[Start of Attachment]

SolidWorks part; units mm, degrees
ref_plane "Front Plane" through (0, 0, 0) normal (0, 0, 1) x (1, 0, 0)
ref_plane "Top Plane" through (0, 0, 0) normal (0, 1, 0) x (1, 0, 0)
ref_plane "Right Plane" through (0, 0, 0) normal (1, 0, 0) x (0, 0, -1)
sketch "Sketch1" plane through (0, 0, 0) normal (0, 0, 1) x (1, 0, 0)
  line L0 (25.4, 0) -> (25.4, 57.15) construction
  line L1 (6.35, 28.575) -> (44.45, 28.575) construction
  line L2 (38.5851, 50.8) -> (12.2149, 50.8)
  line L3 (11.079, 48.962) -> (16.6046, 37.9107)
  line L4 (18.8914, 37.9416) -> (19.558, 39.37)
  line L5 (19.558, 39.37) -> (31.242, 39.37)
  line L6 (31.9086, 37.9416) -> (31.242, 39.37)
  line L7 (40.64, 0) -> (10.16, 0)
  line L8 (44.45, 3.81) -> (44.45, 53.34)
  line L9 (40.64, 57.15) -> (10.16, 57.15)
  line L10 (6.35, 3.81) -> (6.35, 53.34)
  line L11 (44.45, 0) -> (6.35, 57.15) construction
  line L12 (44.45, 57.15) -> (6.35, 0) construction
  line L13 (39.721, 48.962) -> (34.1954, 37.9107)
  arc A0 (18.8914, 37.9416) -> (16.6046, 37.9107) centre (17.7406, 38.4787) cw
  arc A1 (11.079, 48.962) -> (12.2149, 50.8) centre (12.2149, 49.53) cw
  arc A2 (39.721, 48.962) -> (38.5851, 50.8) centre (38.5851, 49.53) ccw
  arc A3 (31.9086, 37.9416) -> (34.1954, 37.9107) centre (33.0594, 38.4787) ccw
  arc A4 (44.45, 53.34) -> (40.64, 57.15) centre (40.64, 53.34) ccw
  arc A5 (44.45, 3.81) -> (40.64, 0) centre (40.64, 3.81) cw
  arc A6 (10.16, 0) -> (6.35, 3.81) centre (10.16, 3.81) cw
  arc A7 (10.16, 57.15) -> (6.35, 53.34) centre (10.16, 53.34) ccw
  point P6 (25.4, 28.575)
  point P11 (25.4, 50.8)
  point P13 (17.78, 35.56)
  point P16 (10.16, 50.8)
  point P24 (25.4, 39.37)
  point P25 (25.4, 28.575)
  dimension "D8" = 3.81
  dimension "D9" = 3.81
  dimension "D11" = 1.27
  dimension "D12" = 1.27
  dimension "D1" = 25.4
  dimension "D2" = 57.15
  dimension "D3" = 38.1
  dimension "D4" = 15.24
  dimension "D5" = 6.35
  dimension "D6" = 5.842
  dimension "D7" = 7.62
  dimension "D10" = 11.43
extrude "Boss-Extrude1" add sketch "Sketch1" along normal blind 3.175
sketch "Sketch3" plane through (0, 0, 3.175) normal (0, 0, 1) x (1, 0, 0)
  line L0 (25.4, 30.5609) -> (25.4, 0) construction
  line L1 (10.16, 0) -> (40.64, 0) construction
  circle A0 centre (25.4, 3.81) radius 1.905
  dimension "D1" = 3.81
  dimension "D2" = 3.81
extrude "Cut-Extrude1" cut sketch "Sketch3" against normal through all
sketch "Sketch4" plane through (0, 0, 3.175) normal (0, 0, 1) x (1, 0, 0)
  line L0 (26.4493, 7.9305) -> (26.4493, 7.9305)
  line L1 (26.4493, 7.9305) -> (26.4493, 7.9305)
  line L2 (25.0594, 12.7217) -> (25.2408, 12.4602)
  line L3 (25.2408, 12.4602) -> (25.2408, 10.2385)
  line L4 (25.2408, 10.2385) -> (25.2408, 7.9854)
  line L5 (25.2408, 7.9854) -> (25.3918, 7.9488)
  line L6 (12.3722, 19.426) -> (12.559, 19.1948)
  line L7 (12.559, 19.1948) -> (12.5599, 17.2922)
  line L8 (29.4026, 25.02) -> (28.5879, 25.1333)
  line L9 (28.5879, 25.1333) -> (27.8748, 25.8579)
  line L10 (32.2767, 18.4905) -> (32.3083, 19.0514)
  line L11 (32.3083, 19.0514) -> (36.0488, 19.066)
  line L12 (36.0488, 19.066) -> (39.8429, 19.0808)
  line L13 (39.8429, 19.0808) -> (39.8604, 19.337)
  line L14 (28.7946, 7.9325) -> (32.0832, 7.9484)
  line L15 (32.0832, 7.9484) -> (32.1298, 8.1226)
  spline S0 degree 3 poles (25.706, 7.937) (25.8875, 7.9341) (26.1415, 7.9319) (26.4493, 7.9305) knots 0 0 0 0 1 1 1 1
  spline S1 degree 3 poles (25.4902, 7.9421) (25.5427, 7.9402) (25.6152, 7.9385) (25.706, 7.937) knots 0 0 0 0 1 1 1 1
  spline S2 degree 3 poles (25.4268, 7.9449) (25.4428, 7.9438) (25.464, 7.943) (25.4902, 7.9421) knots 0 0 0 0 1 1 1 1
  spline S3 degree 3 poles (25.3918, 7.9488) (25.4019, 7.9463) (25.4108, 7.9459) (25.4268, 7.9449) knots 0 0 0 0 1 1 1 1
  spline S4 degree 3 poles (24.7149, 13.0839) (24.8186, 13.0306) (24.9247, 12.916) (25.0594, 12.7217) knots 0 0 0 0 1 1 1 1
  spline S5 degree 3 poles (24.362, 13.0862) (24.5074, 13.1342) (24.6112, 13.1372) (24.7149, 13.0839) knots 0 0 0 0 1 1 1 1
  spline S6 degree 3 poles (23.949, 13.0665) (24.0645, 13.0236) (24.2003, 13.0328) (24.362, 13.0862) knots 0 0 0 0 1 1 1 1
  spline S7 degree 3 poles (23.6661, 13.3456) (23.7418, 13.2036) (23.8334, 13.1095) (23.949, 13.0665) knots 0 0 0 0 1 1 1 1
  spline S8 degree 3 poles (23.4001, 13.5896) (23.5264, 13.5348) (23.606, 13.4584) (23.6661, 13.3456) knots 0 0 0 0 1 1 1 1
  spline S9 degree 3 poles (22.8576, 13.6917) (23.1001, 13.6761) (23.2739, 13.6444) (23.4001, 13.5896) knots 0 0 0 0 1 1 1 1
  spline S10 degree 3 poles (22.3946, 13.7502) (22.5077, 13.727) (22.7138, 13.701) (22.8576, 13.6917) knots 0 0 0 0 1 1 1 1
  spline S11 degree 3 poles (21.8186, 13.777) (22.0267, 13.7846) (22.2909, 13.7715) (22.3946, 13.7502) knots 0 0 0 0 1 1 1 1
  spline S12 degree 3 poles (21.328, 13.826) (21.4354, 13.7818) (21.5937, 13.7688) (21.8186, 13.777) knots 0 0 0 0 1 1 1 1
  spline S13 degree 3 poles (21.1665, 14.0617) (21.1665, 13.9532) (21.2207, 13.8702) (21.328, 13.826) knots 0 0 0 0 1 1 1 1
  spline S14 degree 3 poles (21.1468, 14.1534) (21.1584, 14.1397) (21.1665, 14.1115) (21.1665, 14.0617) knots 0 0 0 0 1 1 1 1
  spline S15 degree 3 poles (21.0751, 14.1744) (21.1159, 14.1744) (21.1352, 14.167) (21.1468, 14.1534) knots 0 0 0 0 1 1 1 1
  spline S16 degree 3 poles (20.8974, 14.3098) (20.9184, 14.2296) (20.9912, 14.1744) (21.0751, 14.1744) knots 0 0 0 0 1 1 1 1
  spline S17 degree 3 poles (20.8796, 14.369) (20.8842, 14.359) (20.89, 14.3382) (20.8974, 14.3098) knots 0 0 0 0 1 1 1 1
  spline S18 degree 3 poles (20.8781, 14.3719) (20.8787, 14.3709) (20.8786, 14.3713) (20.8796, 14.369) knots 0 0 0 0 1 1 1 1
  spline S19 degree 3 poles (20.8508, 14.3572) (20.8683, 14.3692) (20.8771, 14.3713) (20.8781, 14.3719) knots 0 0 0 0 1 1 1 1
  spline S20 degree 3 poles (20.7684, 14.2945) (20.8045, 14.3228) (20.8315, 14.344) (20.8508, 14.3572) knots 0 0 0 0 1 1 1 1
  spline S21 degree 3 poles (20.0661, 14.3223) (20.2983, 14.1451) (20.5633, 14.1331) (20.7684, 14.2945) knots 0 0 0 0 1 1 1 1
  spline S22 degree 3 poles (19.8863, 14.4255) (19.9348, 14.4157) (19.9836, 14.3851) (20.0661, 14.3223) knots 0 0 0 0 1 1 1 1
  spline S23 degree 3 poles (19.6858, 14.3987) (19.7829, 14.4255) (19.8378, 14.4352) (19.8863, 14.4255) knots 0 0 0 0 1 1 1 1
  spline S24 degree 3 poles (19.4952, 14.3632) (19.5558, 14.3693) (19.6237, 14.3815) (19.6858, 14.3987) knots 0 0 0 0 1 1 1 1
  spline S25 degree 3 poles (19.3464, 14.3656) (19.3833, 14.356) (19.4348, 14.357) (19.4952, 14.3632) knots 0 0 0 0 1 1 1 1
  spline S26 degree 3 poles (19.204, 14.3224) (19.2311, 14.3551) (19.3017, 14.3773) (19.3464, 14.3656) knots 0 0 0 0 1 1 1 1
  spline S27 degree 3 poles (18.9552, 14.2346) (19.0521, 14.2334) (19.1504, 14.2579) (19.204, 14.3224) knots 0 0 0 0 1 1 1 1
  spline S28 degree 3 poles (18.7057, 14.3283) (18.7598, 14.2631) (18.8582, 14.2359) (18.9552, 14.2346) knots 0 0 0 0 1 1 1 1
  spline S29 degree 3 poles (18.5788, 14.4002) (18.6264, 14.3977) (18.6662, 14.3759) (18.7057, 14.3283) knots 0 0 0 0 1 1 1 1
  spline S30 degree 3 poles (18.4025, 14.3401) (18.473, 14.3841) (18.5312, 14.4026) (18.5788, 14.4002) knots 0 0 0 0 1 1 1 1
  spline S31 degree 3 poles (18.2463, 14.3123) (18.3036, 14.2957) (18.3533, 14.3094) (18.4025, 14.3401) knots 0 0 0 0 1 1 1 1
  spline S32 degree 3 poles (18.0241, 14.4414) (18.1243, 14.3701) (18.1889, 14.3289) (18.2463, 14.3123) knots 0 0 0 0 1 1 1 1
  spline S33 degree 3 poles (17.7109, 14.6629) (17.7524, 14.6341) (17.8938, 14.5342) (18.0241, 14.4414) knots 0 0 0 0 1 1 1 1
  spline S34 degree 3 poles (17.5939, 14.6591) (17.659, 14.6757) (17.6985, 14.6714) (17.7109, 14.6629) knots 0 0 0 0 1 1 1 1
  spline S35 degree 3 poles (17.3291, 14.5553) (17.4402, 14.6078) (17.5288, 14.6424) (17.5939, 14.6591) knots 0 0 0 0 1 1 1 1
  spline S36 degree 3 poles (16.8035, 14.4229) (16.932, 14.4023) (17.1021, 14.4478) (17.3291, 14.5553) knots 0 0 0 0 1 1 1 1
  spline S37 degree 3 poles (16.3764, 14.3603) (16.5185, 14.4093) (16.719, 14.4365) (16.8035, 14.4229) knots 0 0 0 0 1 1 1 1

[End of Attachment]

Activity -
Every line above from the line with "point P25 (25.4, 28.575)" to the line with "line L1 (26.4493, 7.9305)" is wanted, ends included; write them out exactly and add no other line.

Output of the task -
  point P25 (25.4, 28.575)
  dimension "D8" = 3.81
  dimension "D9" = 3.81
  dimension "D11" = 1.27
  dimension "D12" = 1.27
  dimension "D1" = 25.4
  dimension "D2" = 57.15
  dimension "D3" = 38.1
  dimension "D4" = 15.24
  dimension "D5" = 6.35
  dimension "D6" = 5.842
  dimension "D7" = 7.62
  dimension "D10" = 11.43
extrude "Boss-Extrude1" add sketch "Sketch1" along normal blind 3.175
sketch "Sketch3" plane through (0, 0, 3.175) normal (0, 0, 1) x (1, 0, 0)
  line L0 (25.4, 30.5609) -> (25.4, 0) construction
  line L1 (10.16, 0) -> (40.64, 0) construction
  circle A0 centre (25.4, 3.81) radius 1.905
  dimension "D1" = 3.81
  dimension "D2" = 3.81
extrude "Cut-Extrude1" cut sketch "Sketch3" against normal through all
sketch "Sketch4" plane through (0, 0, 3.175) normal (0, 0, 1) x (1, 0, 0)
  line L0 (26.4493, 7.9305) -> (26.4493, 7.9305)
  line L1 (26.4493, 7.9305) -> (26.4493, 7.9305)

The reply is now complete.